My least favorite tour is an easy choice: This one in the spring of 2021. I was waffling about whether to do the tour right up until a day or two before my wife drove me to the Georgia coast to start what was supposed to be a coast-to-coast trip.

I lasted eleven days, crossing Georgia, Alabama, and Mississippi. I woke up on the last morning, and knew I was finished. I quickly arranged to rent a U-Haul truck and immediately drove back home to Kentucky. I felt a combination of relief that I'd ended it, and sadness that maybe I "didn't have it" anymore.

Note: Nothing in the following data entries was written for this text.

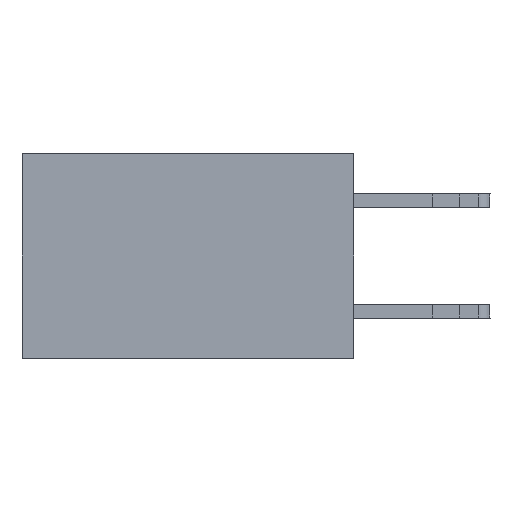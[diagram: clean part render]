
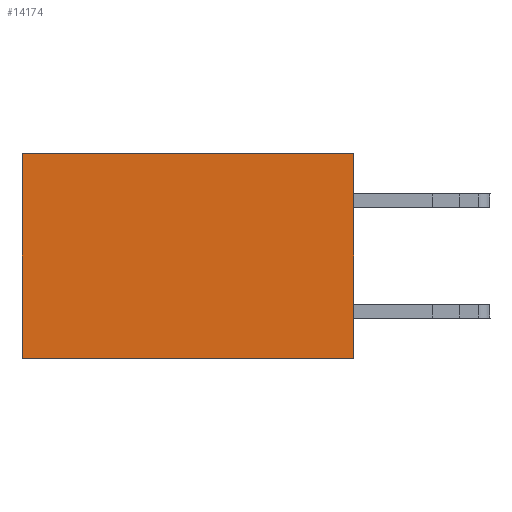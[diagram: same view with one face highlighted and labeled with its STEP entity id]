
A CAD part, left-side view. The second image highlights one B-rep face of the part: STEP entity #14174.
In plain terms, the highlighted planar face has unit normal (-1, 0, 0).
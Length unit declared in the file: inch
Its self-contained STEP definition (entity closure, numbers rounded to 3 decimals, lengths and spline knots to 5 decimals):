
#4 = DIRECTION ( 'NONE',  ( 0., 0., -1. ) ) ;
#76 = DIRECTION ( 'NONE',  ( 0., 1., 0. ) ) ;
#348 = VERTEX_POINT ( 'NONE', #5006 ) ;
#629 = LINE ( 'NONE', #1045, #10848 ) ;
#1045 = CARTESIAN_POINT ( 'NONE',  ( 0.2875, 0.6, 0. ) ) ;
#2003 = VERTEX_POINT ( 'NONE', #27059 ) ;
#3115 = VERTEX_POINT ( 'NONE', #6488 ) ;
#4076 = ORIENTED_EDGE ( 'NONE', *, *, #25145, .T. ) ;
#4203 = PLANE ( 'NONE',  #22888 ) ;
#5006 = CARTESIAN_POINT ( 'NONE',  ( 0.2875, 0., 0. ) ) ;
#5452 = CARTESIAN_POINT ( 'NONE',  ( 0.2875, 0., 0. ) ) ;
#6457 = LINE ( 'NONE', #21371, #27832 ) ;
#6488 = CARTESIAN_POINT ( 'NONE',  ( 0.2875, 0.6, -0.37 ) ) ;
#7638 = ORIENTED_EDGE ( 'NONE', *, *, #24230, .F. ) ;
#8536 = VERTEX_POINT ( 'NONE', #11412 ) ;
#9422 = ORIENTED_EDGE ( 'NONE', *, *, #11197, .F. ) ;
#10848 = VECTOR ( 'NONE', #14128, 39.37008 ) ;
#11197 = EDGE_CURVE ( 'NONE', #348, #2003, #12595, .T. ) ;
#11412 = CARTESIAN_POINT ( 'NONE',  ( 0.2875, 0.6, 0. ) ) ;
#12595 = LINE ( 'NONE', #5452, #26172 ) ;
#13113 = DIRECTION ( 'NONE',  ( 0., 0., -1. ) ) ;
#14128 = DIRECTION ( 'NONE',  ( 0., 0., -1. ) ) ;
#14174 = ADVANCED_FACE ( 'NONE', ( #24636 ), #4203, .F. ) ;
#15095 = CARTESIAN_POINT ( 'NONE',  ( 0.2875, 0., 0. ) ) ;
#17070 = VECTOR ( 'NONE', #20074, 39.37008 ) ;
#17993 = EDGE_CURVE ( 'NONE', #348, #8536, #27927, .T. ) ;
#19261 = DIRECTION ( 'NONE',  ( 1., 0., 0. ) ) ;
#20074 = DIRECTION ( 'NONE',  ( 0., 1., 0. ) ) ;
#20514 = EDGE_LOOP ( 'NONE', ( #4076, #7638, #9422, #22261 ) ) ;
#21371 = CARTESIAN_POINT ( 'NONE',  ( 0.2875, 0., -0.37 ) ) ;
#22261 = ORIENTED_EDGE ( 'NONE', *, *, #17993, .T. ) ;
#22263 = CARTESIAN_POINT ( 'NONE',  ( 0.2875, 0., 0. ) ) ;
#22888 = AXIS2_PLACEMENT_3D ( 'NONE', #15095, #19261, #13113 ) ;
#24230 = EDGE_CURVE ( 'NONE', #2003, #3115, #6457, .T. ) ;
#24636 = FACE_OUTER_BOUND ( 'NONE', #20514, .T. ) ;
#25145 = EDGE_CURVE ( 'NONE', #8536, #3115, #629, .T. ) ;
#26172 = VECTOR ( 'NONE', #4, 39.37008 ) ;
#27059 = CARTESIAN_POINT ( 'NONE',  ( 0.2875, 0., -0.37 ) ) ;
#27832 = VECTOR ( 'NONE', #76, 39.37008 ) ;
#27927 = LINE ( 'NONE', #22263, #17070 ) ;

I think a few things went wrong. The biggest problem was that I was so preoccupied with work stuff that I could never be relaxed enough to enjoy the riding. Also, it was the height of COVID, and I was worried about that. And frankly, I just didn't like the deep south that much, at least not on this tour.

It's the only bicycle tour I've ever done where I can barely remember anything about it without looking at the journal.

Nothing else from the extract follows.